# boston pork butt



## pauley67 (Aug 16, 2013)

Hello everyone . First time on the site and a rookie smoker just wondering if injecting the pork butt that I will be smoking tomorrow is the way to go or just the rub.


----------



## s2k9k (Aug 16, 2013)

Hi Pauley! :welcome1: to SMF!!! We're happy you found us! You've come to the right place, we have over 50,000 members who just love to share their experience and over 1,000,000 posts describing it! Yea that’s right over 1,000,000!

The search bar at the top can be your best friend when you are trying to find answers to your questions but you can still ask too if you want!

We have an ”Articles” section that is full of great information about smoking to include a lot of recipes and instructionals. Check it out there is a lot to learn in there!

You might want to check out ”Jeff's Free 5 day E-Course”, it will teach you all the basics plus a whole lot more!

I don't inject my pork, just a light rub, I like the natural flavor of the pork to shine!


----------



## pauley67 (Aug 16, 2013)

Thanks I will try it with no injection and just put a light rub on it and see how it comes out . I'am looking forward to all the help I can get.


----------



## flash (Aug 16, 2013)

You can do both. Remember, alot of times, more rub, more bark. I put my rub on at night, then again some more before placing on smoker.


----------



## themule69 (Aug 16, 2013)

Glad you joined the group. The search bar at the top of any page is your best friend.
About anything you wanna know about smoking/grilling/curing/brining/cutting or slicing
and the list goes on has probably been posted. Remember to post a QVIEW of your smokes.
We are all smoke junkies here and we have to get our fix. If you have questions Post it
and you will probably get 10 replies with 11 different answers. That is because their
are so many different ways to make great Q We all have our own taste.

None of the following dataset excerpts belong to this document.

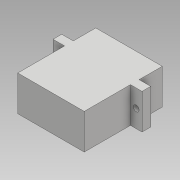
# Autodesk Inventor part: サーボ
Saved by Autodesk Inventor 2017 (Build 210142000, 142)
## iProperties
Part Number: サーボ
Material: 一般
Document SubType Name: Modeling
Designer: HISAAKI
Density: 1 g/cm^3
Appearance: 既定
Author: HISAAKI
Autodesk Inventor part; units mm, degrees
ref_plane "YZ Plane" through (0, 0, 0) normal (1, 0, 0) x (0, 1, 0)
ref_plane "XZ Plane" through (0, 0, 0) normal (0, 1, 0) x (-1, 0, 0)
ref_plane "XY Plane" through (0, 0, 0) normal (0, 0, 1) x (1, 0, 0)
sketch "スケッチ1" plane through (0, 0, 0) normal (0, 1, 0) x (-1, 0, 0)
  line L0 (0, 0) -> (23, 0)
  line L1 (23, 0) -> (23, -12.2)
  line L2 (23, -12.2) -> (0, -12.2)
  line L3 (0, -12.2) -> (0, 0)
  dimension "d0" = 23
  dimension "d1" = 12.2
  constraints: 8 end point, 2 parallel, 1 horizontal, 1 perpendicular
  measures "d0" distance of L1.end L2.end
  measures "d1" distance of L0.end L1.end
extrude "押し出し1" add sketch "スケッチ1" along normal blind 27
sketch "スケッチ2" plane through (0, 0, 0) normal (1, 0, 0) x (0, 0, -1)
  line L0 (0, 0) -> (0, 16)
  line L1 (0, 0) -> (0, 27) projected
  line L2 (0, 16) -> (12.2, 16)
  line L3 (12.2, 0) -> (12.2, 27) projected
  line L4 (0, 16) -> (0, 19)
  line L5 (0, 19) -> (12.2, 19)
  line L6 (12.2, 19) -> (12.2, 16)
  dimension "d4" = 16
  dimension "d5" = 3
  constraints: 10 end point, 3 perpendicular, 3 point on line
  measures "d4" distance of L0.start L0.end
  measures "d5" distance of L0.end L4.end
extrude "押し出し2" add sketch "スケッチ2" along normal blind 4
sketch "スケッチ3" plane through (-23, 0, -12.2) normal (-1, 0, 0) x (0, 0, 1)
  line L0 (0, 0) -> (0, 16.2076)
  line L1 (0, 16.2076) -> (12.2, 16.2076)
  line L2 (12.2, 16.2076) -> (12.2, 19.2076)
  line L3 (12.2, 19.2076) -> (0, 19.2076)
  line L4 (0, 0) -> (0, 27) projected
  line L5 (0, 19.2076) -> (0, 16.2076)
  point P0 (12.2, 0)
  dimension "d8" = 3
  constraints: 10 end point, 2 perpendicular, 1 collinear, 1 horizontal, 1 point on line, 1 vertical
  measures "d8" distance of L1.end L2.end
extrude "押し出し3" add sketch "スケッチ3" along normal blind 4
hole "穴2" at (-25, 19.2076, -6.1) direction (0, -1, 0) diameter 2 end through all
hole "穴3" at (2, 19, -6.1) direction (0, -1, 0) diameter 2 end through all
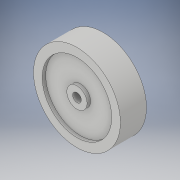
# Autodesk Inventor part: SubWheelWithHole
Saved by Autodesk Inventor 2017 (Build 210142000, 142)
## iProperties
Created: 2016-09-24
Part Number: SubWheelWithHole
Material: Generic
Document SubType Name: Modeling
Designer: vslabsal
Density: 1 g/cm^3
Appearance: Default
Author: vslabsal
Autodesk Inventor part; units mm, degrees
ref_plane "YZ Plane" through (0, 0, 0) normal (1, 0, 0) x (0, 1, 0)
ref_plane "XZ Plane" through (0, 0, 0) normal (0, 1, 0) x (-1, 0, 0)
ref_plane "XY Plane" through (0, 0, 0) normal (0, 0, 1) x (1, 0, 0)
sketch "Sketch3" plane through (0, 0, 0) normal (0, 0, 1) x (1, 0, 0)
  circle A0 centre (0, 0) radius 63.5
  dimension "d1" = 127
  constraints: 1 centre point, 1 coincident
  measures "d1" diameter of A0
extrude "Extrusion1" add sketch "Sketch3" along normal blind 38.1
sketch "Sketch4" plane through (0, 0, 38.1) normal (0, 0, 1) x (1, 0, 0)
  circle A0 centre (0, 0) radius 6.35
  dimension "d4" = 12.7
  constraints: 1 centre point, 1 coincident
  measures "d4" diameter of A0
hole "Hole1" at (0, 0, 38.1) direction (0, 0, -1) diameter 12.7 end through all
sketch "Sketch5" plane through (0, 0, 38.1) normal (0, 0, 1) x (1, 0, 0)
  circle A0 centre (0, 0) radius 50.8
  circle A1 centre (0, 0) radius 14.861
  dimension "d12" = 101.6
  dimension "d13" = 29.722
  constraints: 2 centre point, 2 coincident
  measures "d12" diameter of A0
  measures "d13" diameter of A1
emboss "Emboss1" sketch "Sketch5" operation cut depth 5.08 direction (0, 0, -1)
sketch "Sketch6" plane through (0, 0, 0) normal (0, 0, -1) x (-1, 0, 0)
  circle A0 centre (0, 0) radius 50.8
  circle A1 centre (0, 0) radius 14.861
  dimension "d16" = 101.6
  dimension "d17" = 29.722
  constraints: 2 centre point, 2 coincident
  measures "d16" diameter of A0
  measures "d17" diameter of A1
emboss "Emboss2" sketch "Sketch6" operation cut depth 5.08 direction (0, 0, 1)
body "Solid1"
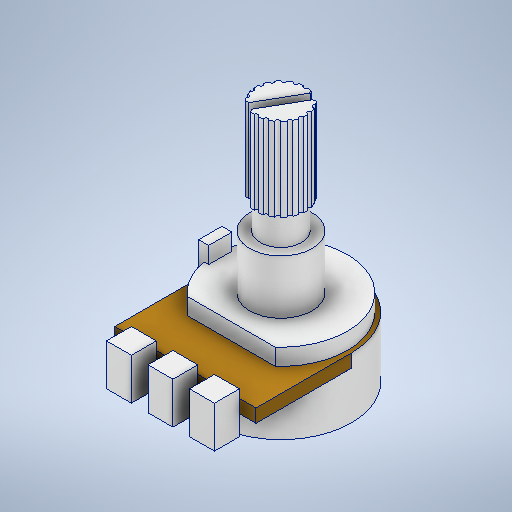
# Autodesk Inventor part: volume
Saved by Autodesk Inventor 2026.1 (Build 301233020, 233B)
## iProperties
Created: 2026-02-01
Part Number: volume
Material: アルミニウム 6061
Document SubType Name: Modeling
Designer: hibik
Density: 2.7 g/cm^3
Appearance: アルミニウム - フラット
Author: hibik
Autodesk Inventor part; units mm, degrees
ref_plane "YZ Plane" through (0, 0, 0) normal (1, 0, 0) x (0, 1, 0)
ref_plane "XZ Plane" through (0, 0, 0) normal (0, 1, 0) x (-1, 0, 0)
ref_plane "XY Plane" through (0, 0, 0) normal (0, 0, 1) x (1, 0, 0)
sketch "スケッチ1" plane through (0, 0, 0) normal (0, 1, 0) x (-1, 0, 0)
  circle A0 centre (0, 0) radius 8.5
  dimension "d0" = 17
  constraints: 1 centre point, 1 coincident
  measures "d0" diameter of A0
extrude "押し出し1" add sketch "スケッチ1" along normal blind 9.3
sketch "スケッチ2" plane through (0, 9.3, 0) normal (0, 1, 0) x (1, 0, 0)
  circle A0 centre (0, 0) radius 3
  dimension "d3" = 6
  constraints: 1 centre point, 1 coincident
  measures "d3" diameter of A0
extrude "押し出し2" add sketch "スケッチ2" along normal blind 20
sketch "スケッチ3" plane through (0, 9.3, 0) normal (0, 1, 0) x (1, 0, 0)
  circle A0 centre (0, 0) radius 3.75
  dimension "d6" = 7.5
  constraints: 1 centre point, 1 coincident
  measures "d6" diameter of A0
extrude "押し出し3" add sketch "スケッチ3" along normal blind 6.5
sketch "スケッチ4" plane through (0, 15.8, 0) normal (0, 1, 0) x (1, 0, 0)
  circle A0 centre (0, 0) radius 3 projected
  circle A1 centre (0, 0) radius 2.5
  dimension "d9" = 5
  constraints: 1 centre point, 1 coincident
  measures "d9" diameter of A1
extrude "押し出し4" cut sketch "スケッチ4" along normal blind 3.5
sketch "スケッチ5" plane through (0, 9.3, 0) normal (0, 1, 0) x (1, 0, 0)
  circle A0 centre (0, 0) radius 6
  circle A1 centre (0, 0) radius 8.5 projected
  dimension "d12" = 12
  constraints: 1 centre point, 1 coincident
  measures "d12" diameter of A0
extrude "押し出し5" cut sketch "スケッチ5" against normal blind 2
sketch "スケッチ6" plane through (0, 7.3, 0) normal (0, 1, 0) x (1, 0, 0)
  circle A0 centre (0, 0) radius 8.5 projected
  line L0 (-8.5, 0) -> (8.5, 0)
  line L1 (8.5, 0) -> (8.5, -11.5)
  line L2 (8.5, -11.5) -> (-8.5, -11.5)
  line L3 (-8.5, -11.5) -> (-8.5, 0)
  dimension "d15" = 11.5
  constraints: 8 end point, 2 parallel, 2 vertical, 1 horizontal, 1 perpendicular, 2 other
  measures "d15" distance of L2.end L0.start
extrude "押し出し6" add sketch "スケッチ6" against normal blind 1.6 contours L1 L2 L3 A0
sketch "スケッチ7" plane through (-8.5, 7.3, 11.5) normal (0, 0, 1) x (1, 0, 0)
  line L0 (7, 1) -> (10, 1)
  line L1 (10, 1) -> (10, -4)
  line L2 (10, -4) -> (7, -4)
  line L3 (7, -4) -> (7, 1)
  line L4 (0, 0) -> (17, 0) projected
  point P0 (8.5, -7.3)
  point P1 (8.5, -4)
  point P2 (8.5, 1)
  dimension "d18" = 5
  dimension "d19" = 3
  dimension "d20" = 1
  constraints: 8 end point, 2 midpoint, 2 parallel, 1 horizontal, 1 perpendicular, 1 vertical alignment
  measures "d18" distance of L0.end L1.end
  measures "d19" distance of L1.end L2.end
  measures "d20" distance from line of L4 point (8.5, 1)
extrude "押し出し7" add sketch "スケッチ7" along normal blind 3
pattern_linear "矩形状パターン1" count 2 spacing 5 along (1, 0, 0) count 2 spacing 5 along (-1, 0, 0) of "押し出し7"
sketch "スケッチ8" plane through (0, 7.3, 0) normal (0, 1, 0) x (1, 0, 0)
  line L0 (-8.5, -1.4) -> (-7.3, -1.4)
  line L1 (-7.3, -1.4) -> (-7.3, 1.4)
  line L2 (-7.3, 1.4) -> (-8.5, 1.4)
  line L3 (-8.5, 1.4) -> (-8.5, -1.4)
  point P0 (0, 0)
  point P1 (-8.5, 0)
  point P2 (-8.5, 0)
  dimension "d29" = 2.8
  dimension "d30" = 1.2
  constraints: 8 end point, 2 parallel, 1 coincident, 1 horizontal, 1 midpoint, 1 perpendicular
  measures "d29" distance of L2.end L0.start
  measures "d30" distance of L1.end L2.end
extrude "押し出し8" add sketch "スケッチ8" along normal blind 4
sketch "スケッチ9" plane through (0, 7.3, 0) normal (0, 1, 0) x (1, 0, 0)
  circle A0 centre (0, 0) radius 8
  line L0 (-5.2915, -6) -> (5.2915, -6)
  circle A1 centre (0, 0) radius 6 projected
  point P0 (0, -6)
  dimension "d33" = 16
  constraints: 2 end point, 2 point on circle, 1 centre point, 1 coincident, 1 horizontal, 1 tangent
  measures "d33" diameter of A0
extrude "押し出し9" add sketch "スケッチ9" along normal blind 2 contours A0 L0 picked at (7.1897, 1.149)
sketch "スケッチ10" plane through (0, 29.3, 0) normal (0, 1, 0) x (1, 0, 0)
  line L0 (-2.308, -2.9976) -> (-1.442, -3.4976)
  line L1 (-1.442, -3.4976) -> (2.308, 2.9976)
  line L2 (2.308, 2.9976) -> (1.442, 3.4976)
  line L3 (1.442, 3.4976) -> (-2.308, -2.9976)
  line L4 (-1.875, -3.2476) -> (1.875, 3.2476)
  line L5 (0, 20.6367) -> (0, -20.3561) construction
  circle A0 centre (0, 0) radius 3.75 projected
  point P0 (2.2913, 2.9686)
  point P1 (1.4252, 3.4686)
  point P2 (-2.2913, -2.9686)
  point P3 (-1.4252, -3.4686)
  dimension "d36" = 30
  dimension "d37" = 1
  constraints: 10 end point, 3 midpoint, 2 parallel, 1 perpendicular, 1 tangent
  measures "d36" angle of L5 L4
  measures "d37" distance between parallel lines of L1 L3
extrude "押し出し10" cut sketch "スケッチ10" against normal up to surface (10 mm away) contours A0 L3 L4 | L4 A0 L1
sketch "スケッチ11" plane through (0, 29.3, 0) normal (0, 1, 0) x (1, 0, 0)
  arc A0 (1.046, 2.8117) -> (-1.912, -2.3117) centre (0, 0) ccw projected
  circle A1 centre (0, 3) radius 0.25
  dimension "d40" = 0.5
  constraints: 1 centre point, 1 point on circle, 1 vertical alignment
  measures "d40" diameter of A1
extrude "押し出し11" cut sketch "スケッチ11" against normal up to surface (10 mm away)
pattern_circular "円形状パターン1" count 18 over 360 about axis through (0, -10, 0) along (0, 1, 0) of "押し出し11"

I too am a butt rubber. I don't inject.

Happy smoken.

David


----------



## kathrynn (Aug 16, 2013)

to SMF!  We are so glad you joined us! 

We love to see pictures of what you are cooking (or what we call q-views here at SMF).  To "upload the q-views" just follow the directions here and it will be easier. If you are using a cell phone, an IPad or a kindle, go to the main SMF page and click the Mobile button. Will make the uploads a bit faster too.

If you didn't read the "Terms of Service" notes.....please do.  There are a few things that everyone should know about those pesky little rules before plunging into the forums and some guidelines of how to interact within the forums. Off site links are not allowed here at SMF per Jeff. Not that you have done anything wrong....just a little bit of FYI for new members!

If you need any help roaming around the forums....just holler!  Happy to help out!

Kat


----------



## seenred (Aug 16, 2013)

Hi Pauley, and welcome to the forums!  This is the best place I know for sharing ideas on smoking, grilling, curing, etc.  There are plenty of friendly, knowledgeable folks who really enjoy helping one another.  Just ask when you need help and someone here will have the answer.  Good luck with that pork butt...I'll bet you'll like the results without injecting...

Red


----------



## pauley67 (Aug 16, 2013)

thanks and I will seek all the knowledge from all will help and by the way love the picture of rodney


----------



## bigeyedavid (Aug 16, 2013)

Pork Butt has little flavor in my opinion so i inject as much flavor as possible my liquid of choice is Dr Pepper .Good luck and happy smoking


----------



## thsmormonsmokes (Aug 16, 2013)

Dr. Pepper?  Eesh.  

This illustrates the one point that everyone will agree on: it's all a question of preference.  I love the taste that pork takes on when you smoke it with apple and/or cherry.  No need to mask it with injections, IMO.  Particularly if you use a good rub.  Jeff's rub (you can buy the recipe on the site) is a fan favorite.  It's not too tough to find other recipes either.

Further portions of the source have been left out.